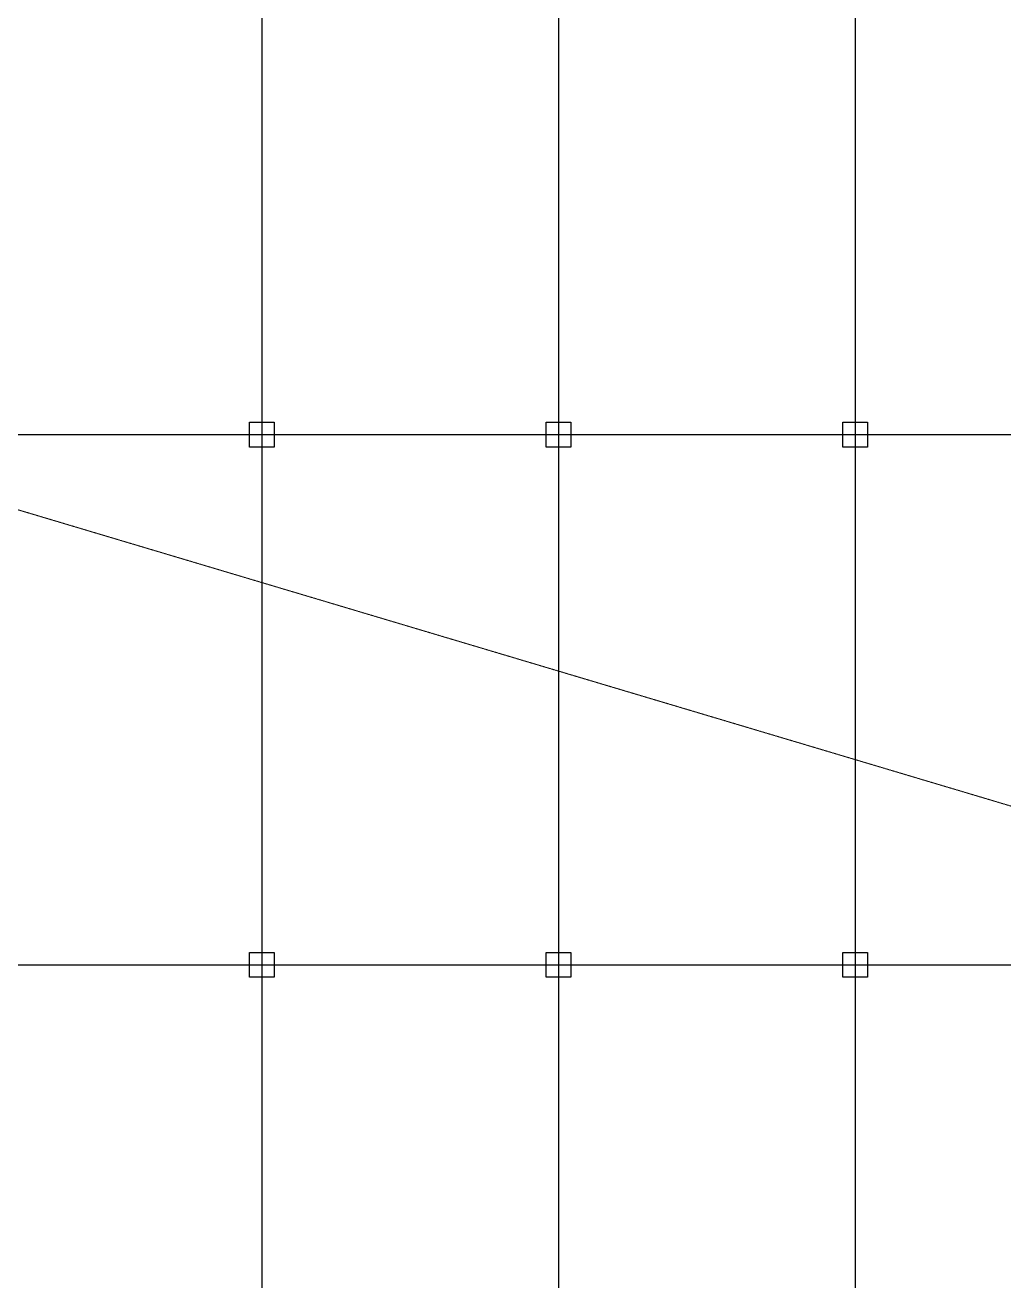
# Model space of a CAD drawing. Extents: x -3450 to 27857, y -1288 to 11880.
# Drawn here: x 6170 to 8941, y 5105 to 8659 of the extents above; entities that cross this region are included whole.
import ezdxf

# ---------------------------------------------------------------- set-up
doc = ezdxf.new("R2010")
doc.units = 0
doc.linetypes.add('X-S-FAB-L20$0$COL-CEN-LIN', pattern=[3.25, 2.5, -0.25, 0.25, -0.25])
doc.linetypes.add('X-S-FAB-L20$0$HIDDEN', pattern=[0.4, 0.3, -0.1])
for name, color, linetype in [('X-S-FAB-L20$0$BLOCK', 8, 'Continuous'), ('X-S-FAB-L20$0$CCL', 8, 'X-S-FAB-L20$0$COL-CEN-LIN'), ('X-S-FAB-L20$0$COL-S', 8, 'Continuous'), ('X-S-FAB-L20$0$OPEN', 8, 'Continuous')]:
    doc.layers.add(name, color=color, linetype=linetype)

# ---------------------------------------------------------------- blocks, each defined once
blk = doc.blocks.new('X-S-FAB-L20$0$FAB2-L05')
at = {"layer": 'X-S-FAB-L20$0$CCL'}
for p, q in [((-19320, 11005), (-19320, 0)), ((-18480, 11005), (-18480, 0)), ((-17640, 11005), (-17640, 0)), ((-26880, 8220), (1210, 8220)), ((-26880, 6720), (1210, 6720))]:
    blk.add_line(p, q, dxfattribs=at)
at = {"layer": 'X-S-FAB-L20$0$COL-S'}
for points in [[(-19355, 8255), (-19285, 8255), (-19285, 8185), (-19355, 8185)], [(-18515, 8255), (-18445, 8255), (-18445, 8185), (-18515, 8185)], [(-17675, 8255), (-17605, 8255), (-17605, 8185), (-17675, 8185)], [(-19355, 6755), (-19285, 6755), (-19285, 6685), (-19355, 6685)], [(-18515, 6755), (-18445, 6755), (-18445, 6685), (-18515, 6685)], [(-17675, 6755), (-17605, 6755), (-17605, 6685), (-17675, 6685)]]:
    blk.add_lwpolyline(points, close=True, dxfattribs=at)
blk = doc.blocks.new('X-S-FAB-L20')
at = {"layer": 'X-S-FAB-L20$0$OPEN', "linetype": 'X-S-FAB-L20$0$HIDDEN', "lineweight": 0}
blk.add_line((1765, 8595), (24315, 1870), dxfattribs=at)
at = {"layer": 'X-S-FAB-L20$0$BLOCK'}
blk.add_blockref('X-S-FAB-L20$0$FAB2-L05', (26160, -720), dxfattribs=at)

msp = doc.modelspace()

# ---------------------------------------------------------------- block references
msp.add_blockref('X-S-FAB-L20', (0, 0))

doc.saveas('drawing.dxf')
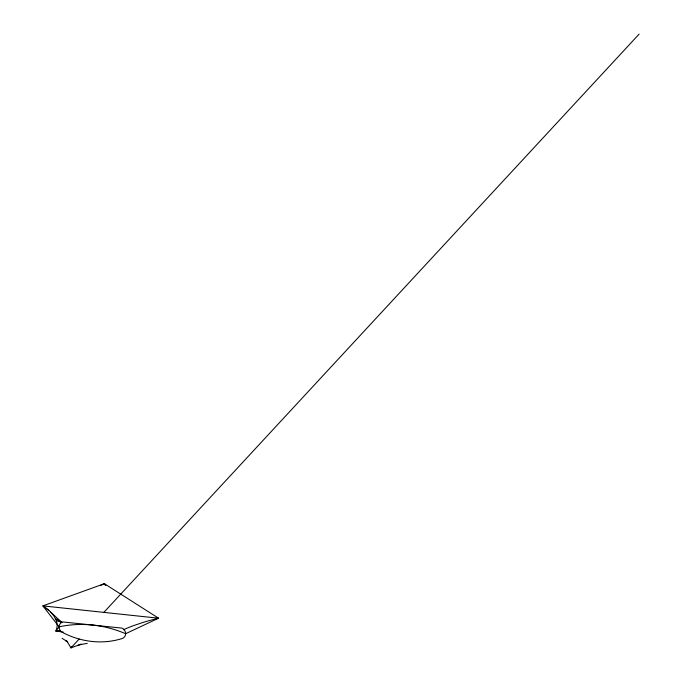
<?xml version="1.0" encoding="UTF-8"?>
<svg xmlns="http://www.w3.org/2000/svg" width="682" height="682" viewBox="0 0 682 682"><rect width="100%" height="100%" fill="white"/><g stroke="black" fill="none" stroke-linecap="round" stroke-linejoin="round"><path stroke-width="1.02" d="M71.636 646.758L70.962 647.9L66.947 641.131L65.932 640.85M92.155 625.01A113.741 106.315 50.2 0 0 59.087 626.826L55.83 631.114L63.111 632.043M79.155 639.051L70.962 647.9L81.167 644.106M103.852 612.376L639.128 34.1M50.63 612.104L54.142 616.349L56.308 620.611L61.823 622.359L62.855 621.95L122.129 628.139A5.891 5.388 44.9 0 1 125.616 633.731A5.891 5.388 44.9 0 1 121.976 638.582A78.464 71.226 40.3 0 1 62.582 632.47A5.942 5.482 41.4 0 1 59.095 627.389A5.942 5.482 41.4 0 1 61.823 622.359L48.371 609.998L42.872 605.88L104.372 583.69L158.565 618.207L125.616 633.723A113.655 106.23 50.2 0 0 92.624 625.053M59.982 630.415L55.83 631.114L56.58 629.051A133.118 42.079 2.1 0 0 56.879 622.743M55.395 618.48L61.823 622.359M67.62 641.847L62.105 638.326M45.788 607.926L48.84 610.433M105.863 585.182L104.372 583.69A57.953 32.992 -5.6 0 0 100.578 585.48M59.087 626.826L42.872 605.88L158.565 618.207A157.013 48.192 -0.6 0 0 143.092 622.419L133.825 625.53A157.013 48.192 -0.6 0 0 123.527 629.716M78.029 645.291A39.727 12.208 0.5 0 1 87.262 643.416M56.308 620.611A133.118 42.079 2.1 0 1 56.725 622.035M105.42 585.139L104.372 583.69L105.36 585.13"/></g></svg>
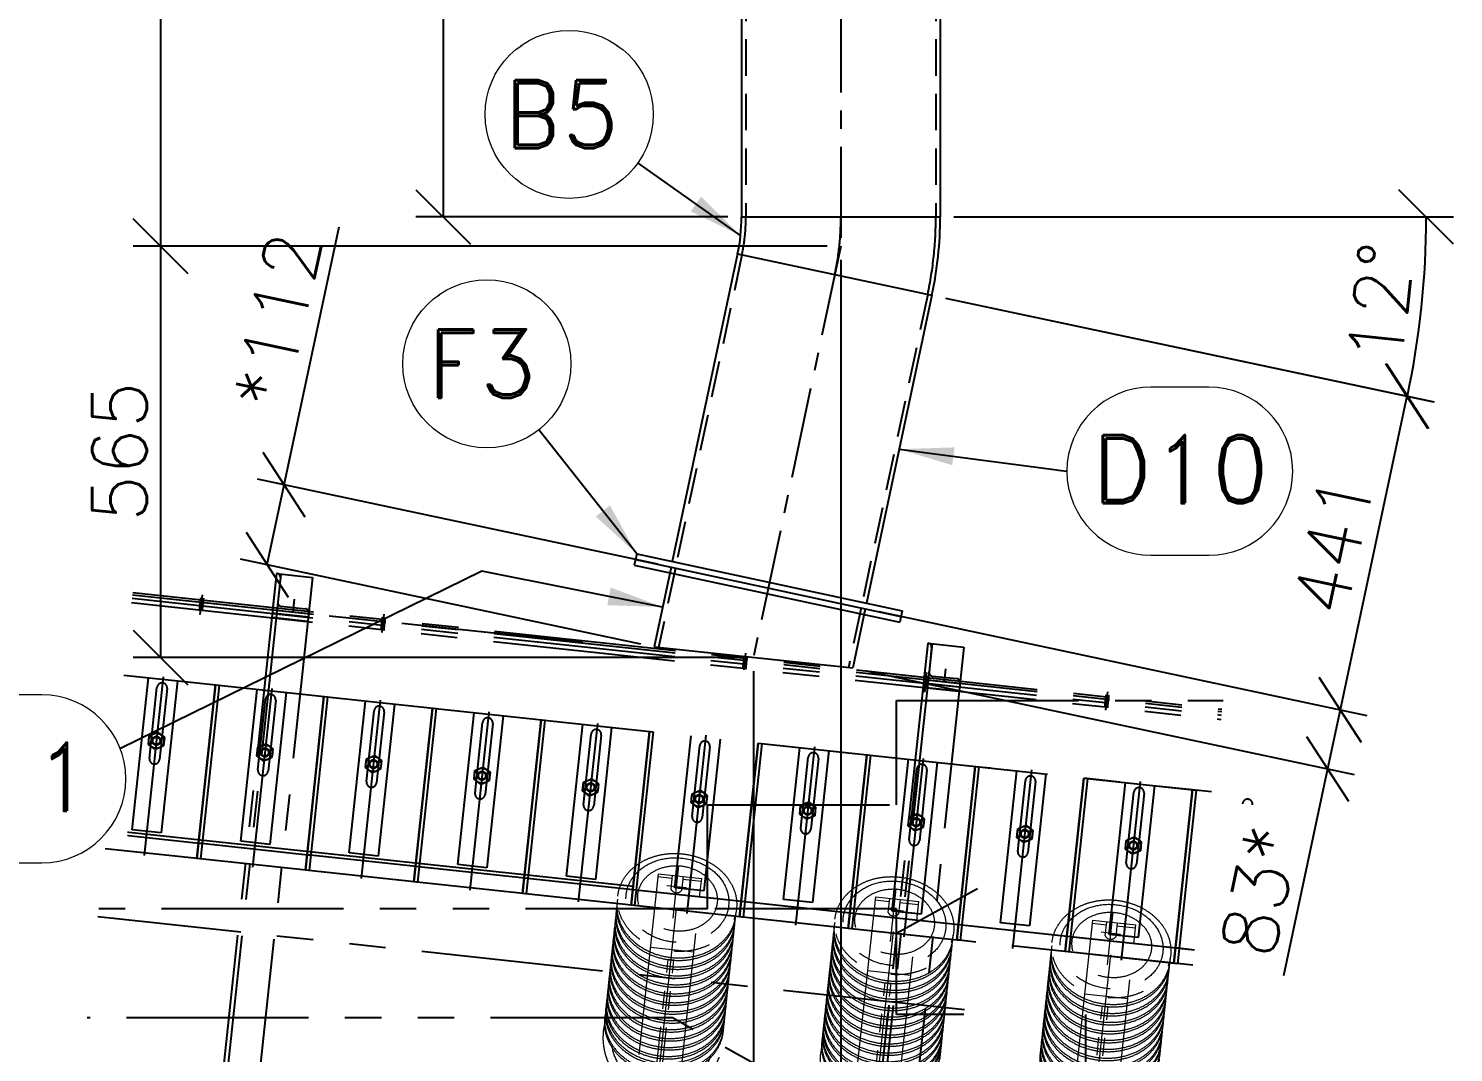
# Model space of a CAD drawing. Header units: inches. Extents: x 0 to 157513, y -28488 to 35640.
# Drawn here: x 82589 to 86505, y 21446 to 24261 of the extents above; entities that cross this region are included whole.
import ezdxf

# ---------------------------------------------------------------- set-up
doc = ezdxf.new("R2010")
doc.units = ezdxf.units.IN
doc.header["$LTSCALE"] = 400
doc.header["$MEASUREMENT"] = 0
for name, pattern in [('CENTER', [2, 1.25, -0.25, 0.25, -0.25]), ('CENTER2', [28.575, 19.05, -3.175, 3.175, -3.175]), ('CONTINOUS', [0]), ('DASHED2', [0.375, 0.25, -0.125]), ('HIDDEN', [9.525, 6.35, -3.175]), ('HIDDEN2', [4.7625, 3.175, -1.5875]), ('PHANTOM', [2.5, 1.25, -0.25, 0.25, -0.25, 0.25, -0.25])]:
    doc.linetypes.add(name, pattern=pattern)
for name, color, linetype in [('BF', 8, 'PHANTOM'), ('cen', 1, 'CENTER'), ('hid', 3, 'HIDDEN2')]:
    doc.layers.add(name, color=color, linetype=linetype)
doc.layers.add('bordertext', color=1, linetype='Continuous', lineweight=20)
doc.styles.add('RD', font='ROMAND.SHX')
doc.styles.add('ROMANS', font='romans')
doc.dimstyles.new('SAM2 60 SC', dxfattribs={"dimscale": 60, "dimtxt": 2.5, "dimasz": 2.5, "dimexe": 1.25, "dimexo": 0.625, "dimtad": 1, "dimtoh": 1, "dimdec": 0, "dimdsep": 46, "dimtxsty": 'ROMANS', "dimblk": 'OBLIQUE', "dimcen": 2.5, "dimclrd": 1, "dimclre": 1, "dimclrt": 256, "dimadec": 0, "dimazin": 2, "dimtfac": 1, "dimtdec": 0, "dimtofl": 0, "dimtmove": 0, "dimatfit": 3, "dimfxl": 1, "dimtolj": 1, "dimtzin": 0, "dimarcsym": 1})

# ---------------------------------------------------------------- blocks, each defined once
blk = doc.blocks.new('bc2convelecut')
at = {"layer": 'BF', "linetype": 'CONTINOUS'}
h = blk.add_hatch(color=256, dxfattribs=at)
h.dxf.hatch_style = 1
h.paths.add_polyline_path([(-1522, 156.4), (-1520.8, 168.4), (-1514.3, 167.7), (-1515.6, 155.8)])
h = blk.add_hatch(color=256, dxfattribs=at)
h.dxf.hatch_style = 1
h.paths.add_polyline_path([(-1515.6, 155.8), (-1514.3, 167.7), (-1507.5, 167), (-1508.8, 155)])
h = blk.add_hatch(color=256, dxfattribs=at)
h.dxf.hatch_style = 1
h.paths.add_polyline_path([(-1524.4, 134.2), (-1523.1, 146.1), (-1516.7, 145.4), (-1517.9, 133.5)])
h = blk.add_hatch(color=256, dxfattribs=at)
h.dxf.hatch_style = 1
h.paths.add_polyline_path([(-1523.1, 146.5), (-1522, 156.4), (-1515.6, 155.8), (-1516.6, 145.8)])
h = blk.add_hatch(color=256, dxfattribs=at)
h.dxf.hatch_style = 1
h.paths.add_polyline_path([(-1517.9, 133.5), (-1516.7, 145.4), (-1509.9, 144.7), (-1511.2, 132.8)])
h = blk.add_hatch(color=256, dxfattribs=at)
h.dxf.hatch_style = 1
h.paths.add_polyline_path([(-1516.6, 145.8), (-1515.6, 155.8), (-1508.8, 155), (-1509.9, 145.1)])
h = blk.add_hatch(color=256, dxfattribs=at)
h.dxf.hatch_style = 1
h.paths.add_polyline_path([(-1025.3, 80.7), (-1024, 92.6), (-1017.5, 91.9), (-1018.8, 80)])
h = blk.add_hatch(color=256, dxfattribs=at)
h.dxf.hatch_style = 1
h.paths.add_polyline_path([(-1024, 93), (-1022.9, 102.9), (-1016.4, 102.2), (-1017.5, 92.3)])
h = blk.add_hatch(color=256, dxfattribs=at)
h.dxf.hatch_style = 1
h.paths.add_polyline_path([(-1022.9, 102.9), (-1021.6, 114.9), (-1015.1, 114.2), (-1016.4, 102.2)])
h = blk.add_hatch(color=256, dxfattribs=at)
h.dxf.hatch_style = 1
h.paths.add_polyline_path([(-1018.8, 80), (-1017.5, 91.9), (-1010.8, 91.2), (-1012.1, 79.3)])
h = blk.add_hatch(color=256, dxfattribs=at)
h.dxf.hatch_style = 1
h.paths.add_polyline_path([(-1017.5, 92.3), (-1016.4, 102.2), (-1009.7, 101.5), (-1010.7, 91.6)])
h = blk.add_hatch(color=256, dxfattribs=at)
h.dxf.hatch_style = 1
h.paths.add_polyline_path([(-1016.4, 102.2), (-1015.1, 114.2), (-1008.4, 113.5), (-1009.7, 101.5)])
h = blk.add_hatch(color=256, dxfattribs=at)
h.dxf.hatch_style = 1
h.paths.add_polyline_path([(-28.6, -3.6), (-27.3, 8.3), (-20.8, 7.6), (-22.1, -4.3)])
h = blk.add_hatch(color=256, dxfattribs=at)
h.dxf.hatch_style = 1
h.paths.add_polyline_path([(-22.1, -4.3), (-20.8, 7.6), (-14.1, 6.9), (-15.4, -5.1)])
h = blk.add_hatch(color=256, dxfattribs=at)
h.dxf.hatch_style = 1
h.paths.add_polyline_path([(-31, -25.9), (-29.7, -14), (-23.2, -14.7), (-24.5, -26.6)])
h = blk.add_hatch(color=256, dxfattribs=at)
h.dxf.hatch_style = 1
h.paths.add_polyline_path([(-29.7, -13.6), (-28.6, -3.6), (-22.1, -4.3), (-23.2, -14.3)])
h = blk.add_hatch(color=256, dxfattribs=at)
h.dxf.hatch_style = 1
h.paths.add_polyline_path([(-24.5, -26.6), (-23.2, -14.7), (-16.5, -15.4), (-17.7, -27.3)])
h = blk.add_hatch(color=256, dxfattribs=at)
h.dxf.hatch_style = 1
h.paths.add_polyline_path([(-23.2, -14.3), (-22.1, -4.3), (-15.4, -5.1), (-16.4, -15)])
h = blk.add_hatch(color=256, dxfattribs=at)
h.dxf.hatch_style = 1
h.paths.add_polyline_path([(466.2, -79.2), (467.5, -67.2), (473.9, -67.9), (472.7, -79.9)])
h = blk.add_hatch(color=256, dxfattribs=at)
h.dxf.hatch_style = 1
h.paths.add_polyline_path([(467.5, -66.9), (468.6, -56.9), (475, -57.6), (474, -67.6)])
h = blk.add_hatch(color=256, dxfattribs=at)
h.dxf.hatch_style = 1
h.paths.add_polyline_path([(468.6, -56.9), (469.8, -45), (476.3, -45.7), (475, -57.6)])
h = blk.add_hatch(color=256, dxfattribs=at)
h.dxf.hatch_style = 1
h.paths.add_polyline_path([(472.7, -79.9), (473.9, -67.9), (480.7, -68.7), (479.4, -80.6)])
h = blk.add_hatch(color=256, dxfattribs=at)
h.dxf.hatch_style = 1
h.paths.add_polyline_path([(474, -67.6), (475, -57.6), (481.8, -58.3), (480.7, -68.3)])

About this exercise:
Provide the count of lines above containing "whole", without any added words.

Answer to the problem:
2